Step 2: Research the Excel File
Use the ivy-inspector-excel CLI tool to inspect the content of the Excel file. This tool is already installed.
- Run
ivy-inspector-excel docs to see all available commands and options.
- Inspect the xlsx file using ivy-inspector-excel. Issue multiple Bash commands in parallel to gather information as fast as possible.
Your goal is to answer these questions:
- What is the overall structure?
- Any design/layout hints for how we can build a web-based application based on this document?
- What terminology is used? What are the entities?
- What is the underlying logic of the sheet? What formulas are used?
- What are the relationships between the different sheets (if there are multiple sheets)?
- What tables or ranges are suitable to convert to tables in a relational database (if any)?
- Which entities represent manageable data (records the user would create, edit, delete -- e.g. contacts, orders, activities) vs reference/lookup data (static lists, configuration, categories)?
- After inspecting the Excel file and identifying all data ranges suitable for conversion, extract the data:
Step 3: Present the Conversion Plan
Given the research output, present the user with a plan using the following structure:
# Excel to Ivy Conversion Plan
**File:** [path to xlsx file]
## Create Database
**Connection Name:** MyCompanyCrm
**Namespace:** MyCompanyCrm.Connections.MyCompanyCrm
The document contains the following entities that should be converted to tables in a database:
### Table:Customers
**Sheet:** Sheet1
**Range:** A1:D90
**Columns:**
- name: name
type: string
nullable: false
normalization: Trim(UpperCase(Value))
- name: Age
type: int
nullable: false
default: 0
normalisation: <None>
- name: Gender
type: Enum
nullable: false
values: Male, Female, Other
normalization: The source file has some misspelled values 'Femal' these should be mapped to "Female"
- ...
### Table:Orders
## Apps
For each app, assign a **Type:**
- `CRUD` -- When the app is backed by a database table containing entity records that users would create, edit, and delete (e.g. contacts, orders, activities, deals). CRUD apps should include: DataTable with Add button in header, Sheet/Dialog for create/edit forms with validation, delete via row action with confirmation dialog.
- `Dashboard` -- For summary, analytics, or reporting views.
- `Ad-hoc` -- For utility or custom apps that don't fit the above categories.
Default to `CRUD` for any app backed by a database table with entity data.
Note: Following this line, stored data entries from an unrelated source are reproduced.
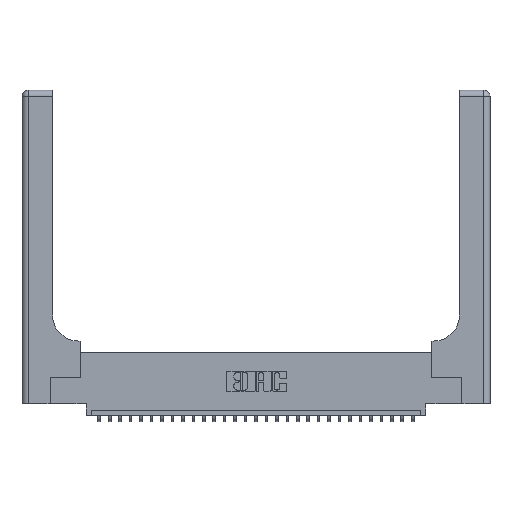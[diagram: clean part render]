
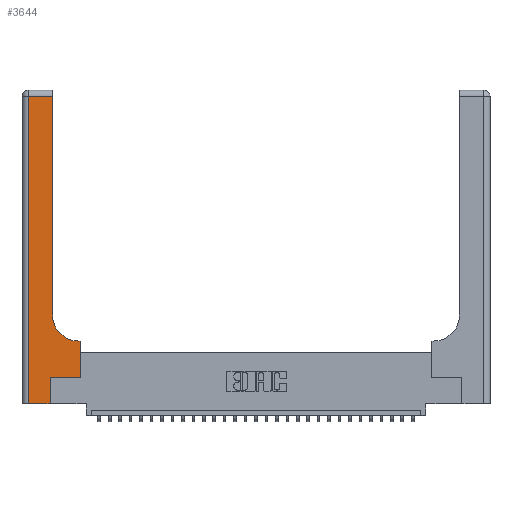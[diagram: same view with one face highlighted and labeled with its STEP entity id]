
A CAD part, top view. The second image highlights one B-rep face of the part: STEP entity #3644.
In plain terms, the highlighted planar face has unit normal (0, 0, 1).
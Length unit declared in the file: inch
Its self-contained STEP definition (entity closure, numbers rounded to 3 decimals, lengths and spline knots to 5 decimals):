
#210 = CARTESIAN_POINT ( 'NONE',  ( 0.5415, 0.6, 0.37 ) ) ;
#796 = LINE ( 'NONE', #28356, #14738 ) ;
#1429 = EDGE_CURVE ( 'NONE', #2275, #9472, #796, .T. ) ;
#2114 = CARTESIAN_POINT ( 'NONE',  ( 0.5585, 0.25, 0.37 ) ) ;
#2216 = DIRECTION ( 'NONE',  ( 0., 1., 0. ) ) ;
#2275 = VERTEX_POINT ( 'NONE', #19966 ) ;
#2453 = EDGE_LOOP ( 'NONE', ( #18599, #17562, #11819, #14665, #19173, #17713, #13146, #10800, #19584 ) ) ;
#2506 = DIRECTION ( 'NONE',  ( 0., -1., 0. ) ) ;
#3636 = CARTESIAN_POINT ( 'NONE',  ( 0., 2.94, 0.37 ) ) ;
#3644 = ADVANCED_FACE ( 'NONE', ( #26117 ), #18326, .F. ) ;
#3712 = EDGE_CURVE ( 'NONE', #9245, #29587, #18124, .T. ) ;
#4541 = EDGE_CURVE ( 'NONE', #28098, #22573, #30008, .T. ) ;
#5931 = VECTOR ( 'NONE', #22685, 39.37008 ) ;
#6313 = CARTESIAN_POINT ( 'NONE',  ( 0.2915, 3., 0.37 ) ) ;
#6333 = VECTOR ( 'NONE', #15777, 39.37008 ) ;
#6488 = DIRECTION ( 'NONE',  ( 0., 0., -1. ) ) ;
#7062 = AXIS2_PLACEMENT_3D ( 'NONE', #16265, #20469, #22816 ) ;
#7520 = LINE ( 'NONE', #6313, #6333 ) ;
#8751 = CARTESIAN_POINT ( 'NONE',  ( 0., 0., 0.37 ) ) ;
#8853 = CARTESIAN_POINT ( 'NONE',  ( 0.2915, 2.94, 0.37 ) ) ;
#9245 = VERTEX_POINT ( 'NONE', #20639 ) ;
#9472 = VERTEX_POINT ( 'NONE', #23868 ) ;
#10800 = ORIENTED_EDGE ( 'NONE', *, *, #4541, .T. ) ;
#11161 = AXIS2_PLACEMENT_3D ( 'NONE', #23081, #6488, #27553 ) ;
#11819 = ORIENTED_EDGE ( 'NONE', *, *, #3712, .T. ) ;
#13085 = VECTOR ( 'NONE', #29467, 39.37008 ) ;
#13146 = ORIENTED_EDGE ( 'NONE', *, *, #15855, .T. ) ;
#13224 = VECTOR ( 'NONE', #20385, 39.37008 ) ;
#14263 = EDGE_CURVE ( 'NONE', #19217, #9245, #29702, .T. ) ;
#14665 = ORIENTED_EDGE ( 'NONE', *, *, #19203, .T. ) ;
#14699 = VERTEX_POINT ( 'NONE', #16735 ) ;
#14738 = VECTOR ( 'NONE', #17164, 39.37008 ) ;
#15724 = EDGE_CURVE ( 'NONE', #14699, #19217, #7520, .T. ) ;
#15777 = DIRECTION ( 'NONE',  ( 0., 1., 0. ) ) ;
#15855 = EDGE_CURVE ( 'NONE', #24642, #28098, #20560, .T. ) ;
#16265 = CARTESIAN_POINT ( 'NONE',  ( 0., 3., 0.37 ) ) ;
#16357 = CIRCLE ( 'NONE', #11161, 0.25 ) ;
#16558 = CARTESIAN_POINT ( 'NONE',  ( 0.06, 3., 0.37 ) ) ;
#16635 = VECTOR ( 'NONE', #2506, 39.37008 ) ;
#16735 = CARTESIAN_POINT ( 'NONE',  ( 0.2915, 0.85, 0.37 ) ) ;
#17164 = DIRECTION ( 'NONE',  ( 0., 1., 0. ) ) ;
#17562 = ORIENTED_EDGE ( 'NONE', *, *, #14263, .T. ) ;
#17713 = ORIENTED_EDGE ( 'NONE', *, *, #27419, .T. ) ;
#18088 = VECTOR ( 'NONE', #19835, 39.37008 ) ;
#18124 = LINE ( 'NONE', #16558, #16635 ) ;
#18326 = PLANE ( 'NONE',  #7062 ) ;
#18599 = ORIENTED_EDGE ( 'NONE', *, *, #15724, .T. ) ;
#19173 = ORIENTED_EDGE ( 'NONE', *, *, #1429, .T. ) ;
#19203 = EDGE_CURVE ( 'NONE', #29587, #2275, #28010, .T. ) ;
#19217 = VERTEX_POINT ( 'NONE', #8853 ) ;
#19438 = LINE ( 'NONE', #25170, #13224 ) ;
#19584 = ORIENTED_EDGE ( 'NONE', *, *, #23446, .T. ) ;
#19835 = DIRECTION ( 'NONE',  ( -1., 0., 0. ) ) ;
#19966 = CARTESIAN_POINT ( 'NONE',  ( 0.269, 0., 0.37 ) ) ;
#20385 = DIRECTION ( 'NONE',  ( 1., 0., 0. ) ) ;
#20469 = DIRECTION ( 'NONE',  ( 0., 0., -1. ) ) ;
#20560 = LINE ( 'NONE', #21056, #24198 ) ;
#20639 = CARTESIAN_POINT ( 'NONE',  ( 0.06, 2.94, 0.37 ) ) ;
#21056 = CARTESIAN_POINT ( 'NONE',  ( 0.5585, 0.25, 0.37 ) ) ;
#21264 = CARTESIAN_POINT ( 'NONE',  ( 0.06, 0., 0.37 ) ) ;
#22573 = VERTEX_POINT ( 'NONE', #210 ) ;
#22685 = DIRECTION ( 'NONE',  ( -1., 0., 0. ) ) ;
#22816 = DIRECTION ( 'NONE',  ( -1., 0., 0. ) ) ;
#23081 = CARTESIAN_POINT ( 'NONE',  ( 0.5415, 0.85, 0.37 ) ) ;
#23446 = EDGE_CURVE ( 'NONE', #22573, #14699, #16357, .T. ) ;
#23868 = CARTESIAN_POINT ( 'NONE',  ( 0.269, 0.25, 0.37 ) ) ;
#24198 = VECTOR ( 'NONE', #2216, 39.37008 ) ;
#24642 = VERTEX_POINT ( 'NONE', #2114 ) ;
#25170 = CARTESIAN_POINT ( 'NONE',  ( 0.269, 0.25, 0.37 ) ) ;
#25724 = CARTESIAN_POINT ( 'NONE',  ( 0.2915, 0.6, 0.37 ) ) ;
#26117 = FACE_OUTER_BOUND ( 'NONE', #2453, .T. ) ;
#27419 = EDGE_CURVE ( 'NONE', #9472, #24642, #19438, .T. ) ;
#27441 = CARTESIAN_POINT ( 'NONE',  ( 0.5585, 0.6, 0.37 ) ) ;
#27553 = DIRECTION ( 'NONE',  ( 1., 0., 0. ) ) ;
#28010 = LINE ( 'NONE', #8751, #13085 ) ;
#28098 = VERTEX_POINT ( 'NONE', #27441 ) ;
#28356 = CARTESIAN_POINT ( 'NONE',  ( 0.269, 0., 0.37 ) ) ;
#29467 = DIRECTION ( 'NONE',  ( 1., 0., 0. ) ) ;
#29587 = VERTEX_POINT ( 'NONE', #21264 ) ;
#29702 = LINE ( 'NONE', #3636, #18088 ) ;
#30008 = LINE ( 'NONE', #25724, #5931 ) ;

Only use read-only views when the user explicitly requests it or the data is reference/lookup data.
### App:Customers
**File:** /Apps/CustomersApp.cs
**Icon:** User
**Table:** Customers
**Type:** CRUD
**Description:**
Full CRUD management for customer records: DataTable with Add button, Sheet for create/edit forms with validation, delete via row action with confirmation.
### App:Dashboard
**File:** /Apps/DashboardApp.cs
**Icon:** Dashboard
**Type:** Dashboard
**Description:**
...
### App:Quote
**File:** /Apps/QuoteApp.cs
**Icon:** Numbers
**Type:** CRUD
**Description:**
Full CRUD management for quote records: DataTable with Add button, Sheet for create/edit forms with validation, delete via row action with confirmation.
## Other Notes
...
Step 4: Implementation
Implement the plan approved by the user in the previous step.
Post-run: Evaluate and Improve
After completing the task:
- Evaluate: Did the build succeed? Were there compilation errors, unexpected behavior, or manual corrections needed during this run?
- Update learnings: If anything required correction or was surprising, append a concise entry to
.ivy/learnings/ivy-convert-excel.md (create the file and .ivy/learnings/ directory if they don't exist). Each entry should note: the date, what went wrong, why, and what to do differently next time.
- Skip if clean: If everything succeeded without issues, do not update the learnings file.